Unter seinem Kommando wurden Dörfer niedergebrannt, Felder verwüstet, Gefangene in großer Zahl exekutiert. Auch gibt es, laut Bechhaus-Gerst, Belege dafür, dass Wissmann Sklaven für sich arbeiten ließ und Mittel veruntreute. Schon zu Lebzeiten soll Wissmann von Politikern des Deutschen Reichs für sein brutales Vorgehen in den Kolonien kritisiert worden sein.
Dass ihm zu Ehren eine Straße benannt wurde, geschah erst in der NS-Zeit: Im Mai 1937 wurde eine zuvor namenlose Straße Wissmann-Straße genannt. Am selben Tag bekam auch die Nachtigalstraße ihren Namen.
Wer war Gustav Nachtigal?
Die Straße wurde nach Gustav Nachtigal benannt, eine der wohl umstrittensten Persönlichkeiten der deutschen Kolonialgeschichte. Einige Historiker sehen ihn als einen Kämpfer gegen die Sklaverei. Bechhaus-Gerst ist anderer Meinung: „Mit dem Argument ’Wir wollen gegen Sklavenhandel kämpfen’ ließen sich gute Leute für das Kolonialprojekt gewinnen. Tatsächlich haben die Deutschen aber an keiner Stelle etwas gegen den sogenannten arabischen Sklavenhandel unternommen.“So auch Gustav Nachtigal nicht.
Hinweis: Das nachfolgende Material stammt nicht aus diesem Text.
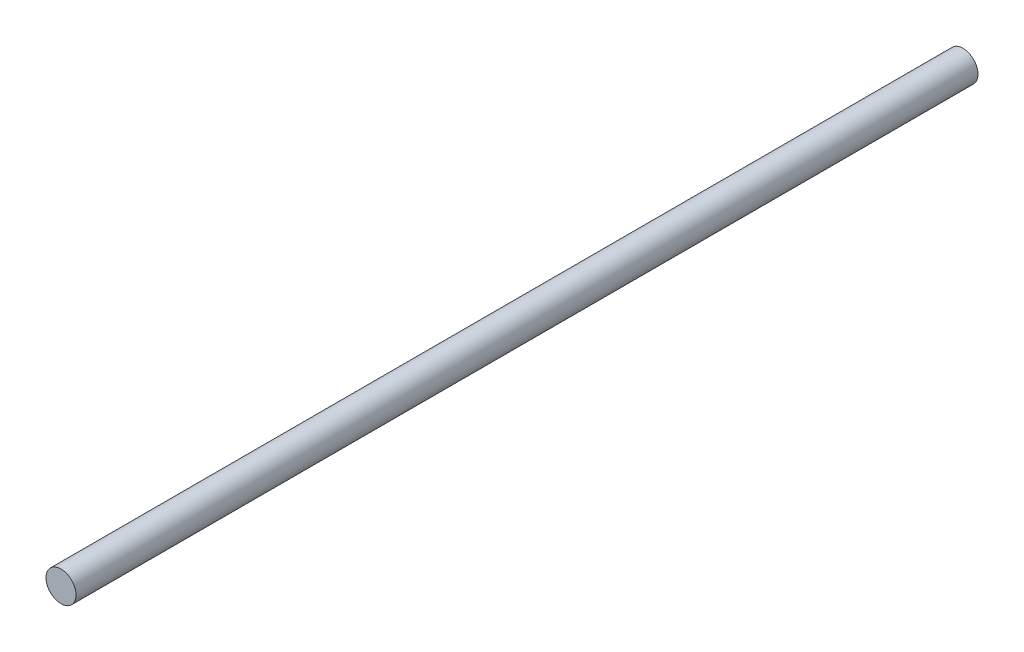
from build123d import *

# Parameters (mm, degrees)
SKETCH1_R           = 10
BOSS_EXTRUDE1_DEPTH = 600
SKETCH2_R           = 5
CUT_EXTRUDE1_DEPTH  = 150


with BuildPart() as part:
    # Sketch1 → Boss-Extrude1 (new body)
    with BuildSketch(Plane.XY):
        Circle(SKETCH1_R)
    extrude(amount=BOSS_EXTRUDE1_DEPTH)

    # Sketch2 → Cut-Extrude1 (cut)
    with BuildSketch(Plane(origin=(0, 0, 0), x_dir=(-1, 0, 0), z_dir=(0, 0, -1))):
        Circle(SKETCH2_R)
    extrude(amount=-CUT_EXTRUDE1_DEPTH, mode=Mode.SUBTRACT)


solid = part.part
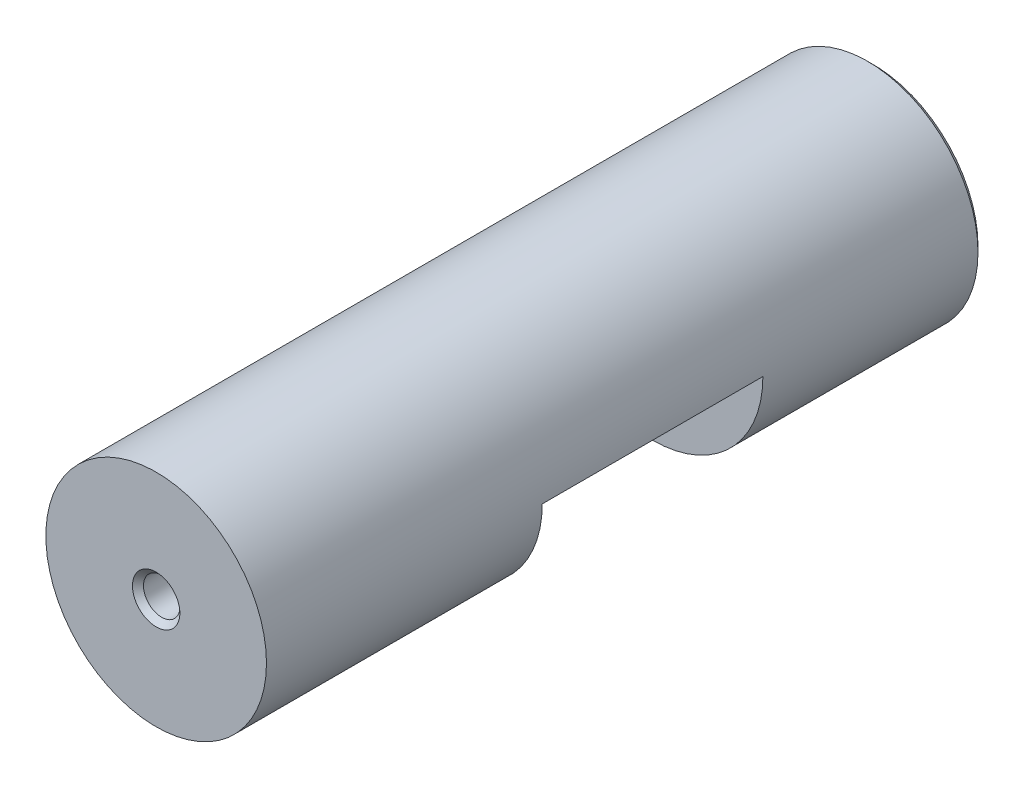
from build123d import *

# Parameters (mm, degrees)
SKETCH1_R           = 10
BOSS_EXTRUDE1_DEPTH = 65
SKETCH2_R           = 1.65
CUT_EXTRUDE1_DEPTH  = 15
CHAMFER1_SIZE       = 0.5
SKETCH3_R           = 5
CUT_EXTRUDE2_DEPTH  = 15
CHAMFER2_SIZE       = 0.5
CHAMFER3_SIZE       = 0.5
SKETCH4_W           = 24.548279796
SKETCH4_H           = 20
CUT_EXTRUDE3_DEPTH  = 13


with BuildPart() as part:
    # Sketch1 → Boss-Extrude1 (new body)
    with BuildSketch(Plane.XY):
        Circle(SKETCH1_R)
    extrude(amount=BOSS_EXTRUDE1_DEPTH)

    # Sketch2 → Cut-Extrude1 (cut)
    with BuildSketch(Plane.XY.offset(65)):
        Circle(SKETCH2_R)
    extrude(amount=-CUT_EXTRUDE1_DEPTH, mode=Mode.SUBTRACT)

    # Chamfer1
    chamfer1_edges = [part.edges().sort_by_distance(p)[0] for p in [
        (-1.65, 0, 65),
    ]]
    chamfer(chamfer1_edges, length=CHAMFER1_SIZE)

    # Sketch3 → Cut-Extrude2 (cut)
    with BuildSketch(Plane(origin=(0, 0, 0), x_dir=(-1, 0, 0), z_dir=(0, 0, -1))):
        Circle(SKETCH3_R)
    extrude(amount=-CUT_EXTRUDE2_DEPTH, mode=Mode.SUBTRACT)

    # Chamfer2
    chamfer2_edges = [part.edges().sort_by_distance(p)[0] for p in [
        (5, 0, 0),
    ]]
    chamfer(chamfer2_edges, length=CHAMFER2_SIZE)

    # Chamfer3
    chamfer3_edges = [part.edges().sort_by_distance(p)[0] for p in [
        (-10, 0, 0),
    ]]
    chamfer(chamfer3_edges, length=CHAMFER3_SIZE)

    # Sketch4 → Cut-Extrude3 (cut)
    with BuildSketch(Plane(origin=(0, 0, 0), x_dir=(1, 0, 0), z_dir=(0, 1, 0))):
        with Locations((0.075917463, -30)):
            Rectangle(SKETCH4_W, SKETCH4_H)
    extrude(amount=-CUT_EXTRUDE3_DEPTH, mode=Mode.SUBTRACT)


solid = part.part
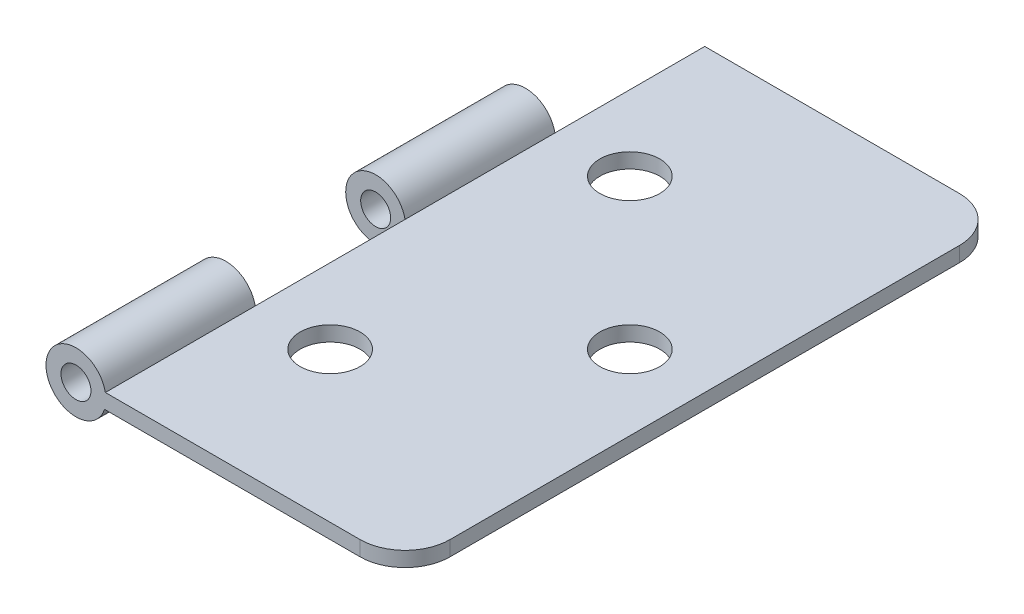
from build123d import *

# Parameters (mm, degrees)
BOSS_EXTRUDE2_DEPTH = 40
SKETCH3_4_R         = 1
BOSS_EXTRUDE3_DEPTH = 10
BOSS_EXTRUDE4_START = -20
SKETCH3_5_R         = 1
BOSS_EXTRUDE4_DEPTH = 10
SKETCH5_R           = 2
CUT_EXTRUDE1_DEPTH  = 10
FILLET1_R           = 3
FILLET2_R           = 3


with BuildPart() as part:
    # Sketch3 → Boss-Extrude2 (new body)
    with BuildSketch(Plane.XY):
        with BuildLine():
            Line((14.107916892, 0), (14.107916892, 1))
            Line((14.107916892, 1), (-5.892083108, 1))
            ThreePointArc((-5.892083108, 1), (-5.863018057, 0.804975408), (-5.853298215, 0.608036602))
            ThreePointArc((-5.853298215, 0.608036602), (-5.877106832, 0.300355571), (-5.947965831, 0))
            Line((-5.947965831, 0), (14.107916892, 0))
        make_face()
    extrude(amount=-BOSS_EXTRUDE2_DEPTH)

    # Sketch3_4 → Boss-Extrude3 (add)
    with BuildSketch(Plane.XY):
        with BuildLine():
            ThreePointArc((-5.853298215, 0.608036602), (-5.863018057, 0.804975408), (-5.892083108, 1))
            ThreePointArc((-5.892083108, 1), (-9.850182631, 0.719627941), (-5.947965831, 0))
            ThreePointArc((-5.947965831, 0), (-5.877106832, 0.300355571), (-5.853298215, 0.608036602))
        make_face()
        with Locations((-7.853298215, 0.608036602)):
            Circle(SKETCH3_4_R, mode=Mode.SUBTRACT)
    extrude(amount=-BOSS_EXTRUDE3_DEPTH)

    # Sketch3_5 → Boss-Extrude4 (add)
    with BuildSketch(Plane.XY.offset(BOSS_EXTRUDE4_START)):
        with BuildLine():
            ThreePointArc((-5.853298215, 0.608036602), (-5.863018057, 0.804975408), (-5.892083108, 1))
            ThreePointArc((-5.892083108, 1), (-9.850182631, 0.719627941), (-5.947965831, 0))
            ThreePointArc((-5.947965831, 0), (-5.877106832, 0.300355571), (-5.853298215, 0.608036602))
        make_face()
        with Locations((-7.853298215, 0.608036602)):
            Circle(SKETCH3_5_R, mode=Mode.SUBTRACT)
    extrude(amount=-BOSS_EXTRUDE4_DEPTH)

    # Sketch5 → Cut-Extrude1 (cut)
    with BuildSketch(Plane(origin=(0, 1, 0), x_dir=(1, 0, 0), z_dir=(0, 1, 0))):
        with Locations((-0.892083108, 30)):
            Circle(SKETCH5_R)
        with Locations((-0.892083108, 10)):
            Circle(SKETCH5_R)
        with Locations((9.107916892, 20)):
            Circle(SKETCH5_R)
    extrude(amount=-CUT_EXTRUDE1_DEPTH, mode=Mode.SUBTRACT)

    # Fillet1
    fillet1_edges = [part.edges().sort_by_distance(p)[0] for p in [
        (14.107916892, 0.5, -40),
    ]]
    fillet(fillet1_edges, radius=FILLET1_R)

    # Fillet2
    fillet2_edges = [part.edges().sort_by_distance(p)[0] for p in [
        (14.107916892, 0.5, 0),
    ]]
    fillet(fillet2_edges, radius=FILLET2_R)


solid = part.part
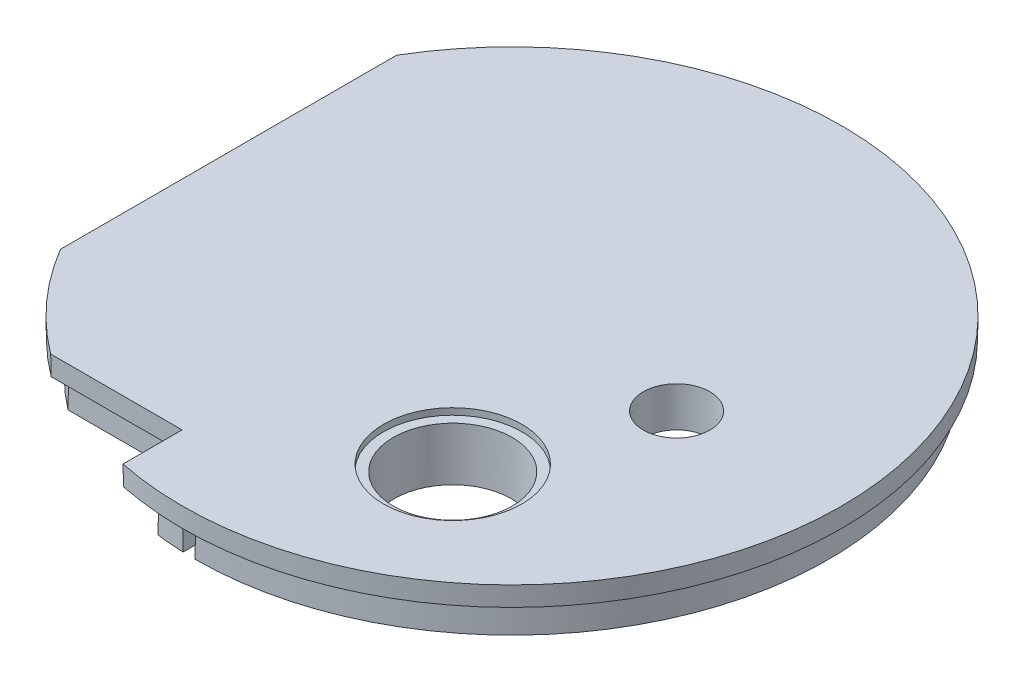
from build123d import *

# Parameters (mm, degrees)
BOSS_EXTRUDE1_DEPTH           = 3
BOSS_EXTRUDE1_DRAFT           = -1
BOSS_EXTRUDE2_DEPTH           = 5
BOSS_EXTRUDE2_DRAFT           = -1
BOSS_EXTRUDE2_PROFILE_2_DEPTH = 5
BOSS_EXTRUDE2_PROFILE_2_DRAFT = -1
BOSS_EXTRUDE2_PROFILE_3_DEPTH = 5
BOSS_EXTRUDE2_PROFILE_3_DRAFT = -1
BOSS_EXTRUDE2_PROFILE_4_DEPTH = 5
BOSS_EXTRUDE2_PROFILE_4_DRAFT = -1
SKETCH3_R                     = 5
CUT_EXTRUDE1_DEPTH            = 3
CUT_EXTRUDE1_DRAFT            = 1
SKETCH3_R_2                   = 9
CUT_EXTRUDE1_PROFILE_2_DEPTH  = 3
CUT_EXTRUDE1_PROFILE_2_DRAFT  = 1
SKETCH4_R                     = 9
SKETCH4_R_2                   = 8
BOSS_EXTRUDE3_DEPTH           = 3
BOSS_EXTRUDE3_DRAFT           = -1
SKETCH4_3_R                   = 6
SKETCH4_3_R_2                 = 5
BOSS_EXTRUDE4_DEPTH           = 3
BOSS_EXTRUDE4_DRAFT           = -1
SKETCH6_R                     = 10.5
SKETCH6_R_2                   = 9
BOSS_EXTRUDE5_DEPTH           = 6
BOSS_EXTRUDE5_DRAFT           = -1
SKETCH7_R                     = 10.5
SKETCH7_R_2                   = 9
CUT_EXTRUDE2_DEPTH            = 1
CUT_EXTRUDE2_DRAFT            = 1


with BuildPart() as part:
    # Sketch1 → Boss-Extrude1 (with draft: the straight prism first)
    with BuildSketch(Plane(origin=(0, 0, 0), x_dir=(1, 0, 0), z_dir=(0, 1, 0))):
        with BuildLine():
            Line((-43, 25.514701644), (-43, -25.514701644))
            ThreePointArc((-43, -25.514701644), (-37.211637523, -33.396018219), (-30, -40))
            Line((-30, -40), (-10, -40))
            Line((-10, -40), (-10, -48.989794856))
            ThreePointArc((-10, -48.989794856), (45.716299059, 20.248950598), (-43, 25.514701644))
        make_face()
    extrude(amount=BOSS_EXTRUDE1_DEPTH)
    # Boss-Extrude1: the draft: its side faces are tilted about the plane it starts from
    boss_extrude1_sides = [part.faces().sort_by_distance(p)[0] for p in [
        (-43, 1.5, 0),
        (-37.211637523, 1.5, 33.396018219),
        (-20, 1.5, 40),
        (-10, 1.5, 44.494897428),
        (45.716299059, 1.5, -20.248950598),
    ]]
    draft(boss_extrude1_sides, Plane(origin=(0, 0, 0), x_dir=(1, 0, 0), z_dir=(0, 1, 0)), BOSS_EXTRUDE1_DRAFT)


with BuildPart() as boss_extrude2_tool:
    # Sketch2 → Boss-Extrude2 (with draft: the straight prism first)
    with BuildSketch(Plane.XZ):
        with BuildLine():
            Line((-40.978122, 24.995870006), (-40.978122, -24.995870006))
            ThreePointArc((-40.978122, -24.995870006), (-26.914721681, -39.744153744), (-8, -47.328638265))
            Line((-8, -47.328638265), (-8, -45.299006612))
            ThreePointArc((-8, -45.299006612), (-25.702922785, -38.149177715), (-38.978122, -24.427566505))
            Line((-38.978122, -24.427566505), (-38.978122, 24.427566505))
            ThreePointArc((-38.978122, 24.427566505), (-34.298477795, 30.653130687), (-28.635642127, 36))
            Line((-28.635642127, 36), (-8, 36))
            Line((-8, 36), (-8, 38))
            Line((-8, 38), (-29.325756597, 38))
            ThreePointArc((-29.325756597, 38), (-35.748226329, 32.032238672), (-40.978122, 24.995870006))
        make_face()
    extrude(amount=BOSS_EXTRUDE2_DEPTH)
    # Boss-Extrude2: the draft: its side faces are tilted about the plane it starts from
    boss_extrude2_sides = [boss_extrude2_tool.faces().sort_by_distance(p)[0] for p in [
        (-38.978122, -2.5, 0),
        (-34.298477795, -2.5, 30.653130687),
        (-18.317821063, -2.5, 36),
        (-8, -2.5, 37),
        (-18.662878299, -2.5, 38),
        (-35.748226329, -2.5, 32.032238672),
        (-40.978122, -2.5, 0),
        (-26.914721681, -2.5, -39.744153744),
        (-8, -2.5, -46.313822438),
        (-25.702922785, -2.5, -38.149177715),
    ]]
    draft(boss_extrude2_sides, Plane.XZ, BOSS_EXTRUDE2_DRAFT)


with BuildPart() as part_1:
    add(part.part)

    # Boss-Extrude2: add boss_extrude2_tool
    add(boss_extrude2_tool.part)


with BuildPart() as boss_extrude2_profile_2_tool:
    # Sketch2 → Boss-Extrude2 profile 2 (with draft: the straight prism first)
    with BuildSketch(Plane.XZ):
        with BuildLine():
            ThreePointArc((-6, 45.607017004), (-4.00381503, 45.825423786), (-2, 45.956501172))
            Line((-2, 45.956501172), (-2, 47.958315233))
            ThreePointArc((-2, 47.958315233), (-4.003501138, 47.832750064), (-6, 47.623523599))
            Line((-6, 47.623523599), (-6, 45.607017004))
        make_face()
    extrude(amount=BOSS_EXTRUDE2_PROFILE_2_DEPTH)
    # Boss-Extrude2 profile 2: the draft: its side faces are tilted about the plane it starts from
    boss_extrude2_profile_2_sides = [boss_extrude2_profile_2_tool.faces().sort_by_distance(p)[0] for p in [
        (-4.00381503, -2.5, 45.825423786),
        (-2, -2.5, 46.957408203),
        (-4.003501138, -2.5, 47.832750064),
        (-6, -2.5, 46.615270302),
    ]]
    draft(boss_extrude2_profile_2_sides, Plane.XZ, BOSS_EXTRUDE2_PROFILE_2_DRAFT)


with BuildPart() as part_2:
    add(part_1.part)

    # Boss-Extrude2 profile 2: add boss_extrude2_profile_2_tool
    add(boss_extrude2_profile_2_tool.part)


with BuildPart() as boss_extrude2_profile_3_tool:
    # Sketch2 → Boss-Extrude2 profile 3 (with draft: the straight prism first)
    with BuildSketch(Plane.XZ):
        with BuildLine():
            Line((-6, -45.607017004), (-6, -47.623523599))
            ThreePointArc((-6, -47.623523599), (-4.003501138, -47.832750064), (-2, -47.958315233))
            Line((-2, -47.958315233), (-2, -45.956501172))
            ThreePointArc((-2, -45.956501172), (-4.00381503, -45.825423786), (-6, -45.607017004))
        make_face()
    extrude(amount=BOSS_EXTRUDE2_PROFILE_3_DEPTH)
    # Boss-Extrude2 profile 3: the draft: its side faces are tilted about the plane it starts from
    boss_extrude2_profile_3_sides = [boss_extrude2_profile_3_tool.faces().sort_by_distance(p)[0] for p in [
        (-4.00381503, -2.5, -45.825423786),
        (-6, -2.5, -46.615270302),
        (-4.003501138, -2.5, -47.832750064),
        (-2, -2.5, -46.957408203),
    ]]
    draft(boss_extrude2_profile_3_sides, Plane.XZ, BOSS_EXTRUDE2_PROFILE_3_DRAFT)


with BuildPart() as part_3:
    add(part_2.part)

    # Boss-Extrude2 profile 3: add boss_extrude2_profile_3_tool
    add(boss_extrude2_profile_3_tool.part)


with BuildPart() as boss_extrude2_profile_4_tool:
    # Sketch2 → Boss-Extrude2 profile 4 (with draft: the straight prism first)
    with BuildSketch(Plane.XZ):
        with BuildLine():
            ThreePointArc((0, 46), (46, 0), (0, -46))
            Line((0, -46), (0, -48))
            ThreePointArc((0, -48), (48, 0), (0, 48))
            Line((0, 48), (0, 46))
        make_face()
    extrude(amount=BOSS_EXTRUDE2_PROFILE_4_DEPTH)
    # Boss-Extrude2 profile 4: the draft: its side faces are tilted about the plane it starts from
    boss_extrude2_profile_4_sides = [boss_extrude2_profile_4_tool.faces().sort_by_distance(p)[0] for p in [
        (0, -2.5, -47),
        (48, -2.5, 0),
        (0, -2.5, 47),
        (46, -2.5, 0),
    ]]
    draft(boss_extrude2_profile_4_sides, Plane.XZ, BOSS_EXTRUDE2_PROFILE_4_DRAFT)


with BuildPart() as part_4:
    add(part_3.part)

    # Boss-Extrude2 profile 4: add boss_extrude2_profile_4_tool
    add(boss_extrude2_profile_4_tool.part)


with BuildPart() as cut_extrude1_tool:
    # Sketch3 → Cut-Extrude1 (with draft: the straight prism first)
    with BuildSketch(Plane.XZ):
        with Locations((25, 0)):
            Circle(SKETCH3_R)
    extrude(amount=-CUT_EXTRUDE1_DEPTH)
    # Cut-Extrude1: the draft: its side faces are tilted about the plane it starts from
    cut_extrude1_sides = [cut_extrude1_tool.faces().sort_by_distance(p)[0] for p in [
        (20, 1.5, 0),
    ]]
    draft(cut_extrude1_sides, Plane.XZ, CUT_EXTRUDE1_DRAFT)


with BuildPart() as part_5:
    add(part_4.part)

    # Cut-Extrude1: cut by cut_extrude1_tool
    add(cut_extrude1_tool.part, mode=Mode.SUBTRACT)


with BuildPart() as cut_extrude1_profile_2_tool:
    # Sketch3 → Cut-Extrude1 profile 2 (with draft: the straight prism first)
    with BuildSketch(Plane.XZ):
        with Locations((15, 24)):
            Circle(SKETCH3_R_2)
    extrude(amount=-CUT_EXTRUDE1_PROFILE_2_DEPTH)
    # Cut-Extrude1 profile 2: the draft: its side faces are tilted about the plane it starts from
    cut_extrude1_profile_2_sides = [cut_extrude1_profile_2_tool.faces().sort_by_distance(p)[0] for p in [
        (6, 1.5, 24),
    ]]
    draft(cut_extrude1_profile_2_sides, Plane.XZ, CUT_EXTRUDE1_PROFILE_2_DRAFT)


with BuildPart() as part_6:
    add(part_5.part)

    # Cut-Extrude1 profile 2: cut by cut_extrude1_profile_2_tool
    add(cut_extrude1_profile_2_tool.part, mode=Mode.SUBTRACT)


with BuildPart() as boss_extrude3_tool:
    # Sketch4 → Boss-Extrude3 (with draft: the straight prism first)
    with BuildSketch(Plane.XZ):
        with Locations((25, 0)):
            Circle(SKETCH4_R)
        with Locations((25, 0)):
            Circle(SKETCH4_R_2, mode=Mode.SUBTRACT)
    extrude(amount=BOSS_EXTRUDE3_DEPTH)
    # Boss-Extrude3: the draft: its side faces are tilted about the plane it starts from
    boss_extrude3_sides = [boss_extrude3_tool.faces().sort_by_distance(p)[0] for p in [
        (16, -1.5, 0),
        (17, -1.5, 0),
    ]]
    draft(boss_extrude3_sides, Plane.XZ, BOSS_EXTRUDE3_DRAFT)


with BuildPart() as part_7:
    add(part_6.part)

    # Boss-Extrude3: add boss_extrude3_tool
    add(boss_extrude3_tool.part)


with BuildPart() as boss_extrude4_tool:
    # Sketch4_3 → Boss-Extrude4 (with draft: the straight prism first)
    with BuildSketch(Plane.XZ):
        with Locations((25, 0)):
            Circle(SKETCH4_3_R)
        with Locations((25, 0)):
            Circle(SKETCH4_3_R_2, mode=Mode.SUBTRACT)
    extrude(amount=BOSS_EXTRUDE4_DEPTH)
    # Boss-Extrude4: the draft: its side faces are tilted about the plane it starts from
    boss_extrude4_sides = [boss_extrude4_tool.faces().sort_by_distance(p)[0] for p in [
        (19, -1.5, 0),
        (20, -1.5, 0),
    ]]
    draft(boss_extrude4_sides, Plane.XZ, BOSS_EXTRUDE4_DRAFT)


with BuildPart() as part_8:
    add(part_7.part)

    # Boss-Extrude4: add boss_extrude4_tool
    add(boss_extrude4_tool.part)


with BuildPart() as boss_extrude5_tool:
    # Sketch6 → Boss-Extrude5 (with draft: the straight prism first)
    with BuildSketch(Plane.XZ):
        with Locations((15, 24)):
            Circle(SKETCH6_R)
        with Locations((15, 24)):
            Circle(SKETCH6_R_2, mode=Mode.SUBTRACT)
    extrude(amount=BOSS_EXTRUDE5_DEPTH)
    # Boss-Extrude5: the draft: its side faces are tilted about the plane it starts from
    boss_extrude5_sides = [boss_extrude5_tool.faces().sort_by_distance(p)[0] for p in [
        (4.5, -3, 24),
        (6, -3, 24),
    ]]
    draft(boss_extrude5_sides, Plane.XZ, BOSS_EXTRUDE5_DRAFT)


with BuildPart() as part_9:
    add(part_8.part)

    # Boss-Extrude5: add boss_extrude5_tool
    add(boss_extrude5_tool.part)


with BuildPart() as cut_extrude2_tool:
    # Sketch7 → Cut-Extrude2 (with draft: the straight prism first)
    with BuildSketch(Plane(origin=(0, 3, 0), x_dir=(1, 0, 0), z_dir=(0, 1, 0))):
        with Locations((15, -24)):
            Circle(SKETCH7_R)
        with Locations((15, -24)):
            Circle(SKETCH7_R_2, mode=Mode.SUBTRACT)
    extrude(amount=-CUT_EXTRUDE2_DEPTH)
    # Cut-Extrude2: the draft: its side faces are tilted about the plane it starts from
    cut_extrude2_sides = [cut_extrude2_tool.faces().sort_by_distance(p)[0] for p in [
        (4.5, 2.5, 24),
        (6, 2.5, 24),
    ]]
    draft(cut_extrude2_sides, Plane(origin=(0, 3, 0), x_dir=(1, 0, 0), z_dir=(0, 1, 0)), CUT_EXTRUDE2_DRAFT)


with BuildPart() as part_10:
    add(part_9.part)

    # Cut-Extrude2: cut by cut_extrude2_tool
    add(cut_extrude2_tool.part, mode=Mode.SUBTRACT)


solid = part_10.part

Außerdem, erläutert Bechhaus-Gerst, habe Nachtigal den Abschluss sogenannter Schutzverträge im Gebiet des heutigen Togo und Kamerun erzwungen: „Mit Kanonenbooten hat er eine Drohkulis
se aufgebaut und hatte unter anderem auch zwei Geiseln an Bord, um den sogenannten Schutzvertrag zu erzwingen.“Als Schutzverträge wurden die Dokumente bezeichnet, die die Kolonialherrschaft der Deutschen besiegelten.
Auch hat Nachtigal laut Bechhaus-Gerst im damaligen Deutsch-Südwestafrika betrügerische Landerwerbsverträge beglaubigt – Verträge, die zuvor von Adolf Lüderitz mit der einheimischen Bevölkerung geschlossen wurden.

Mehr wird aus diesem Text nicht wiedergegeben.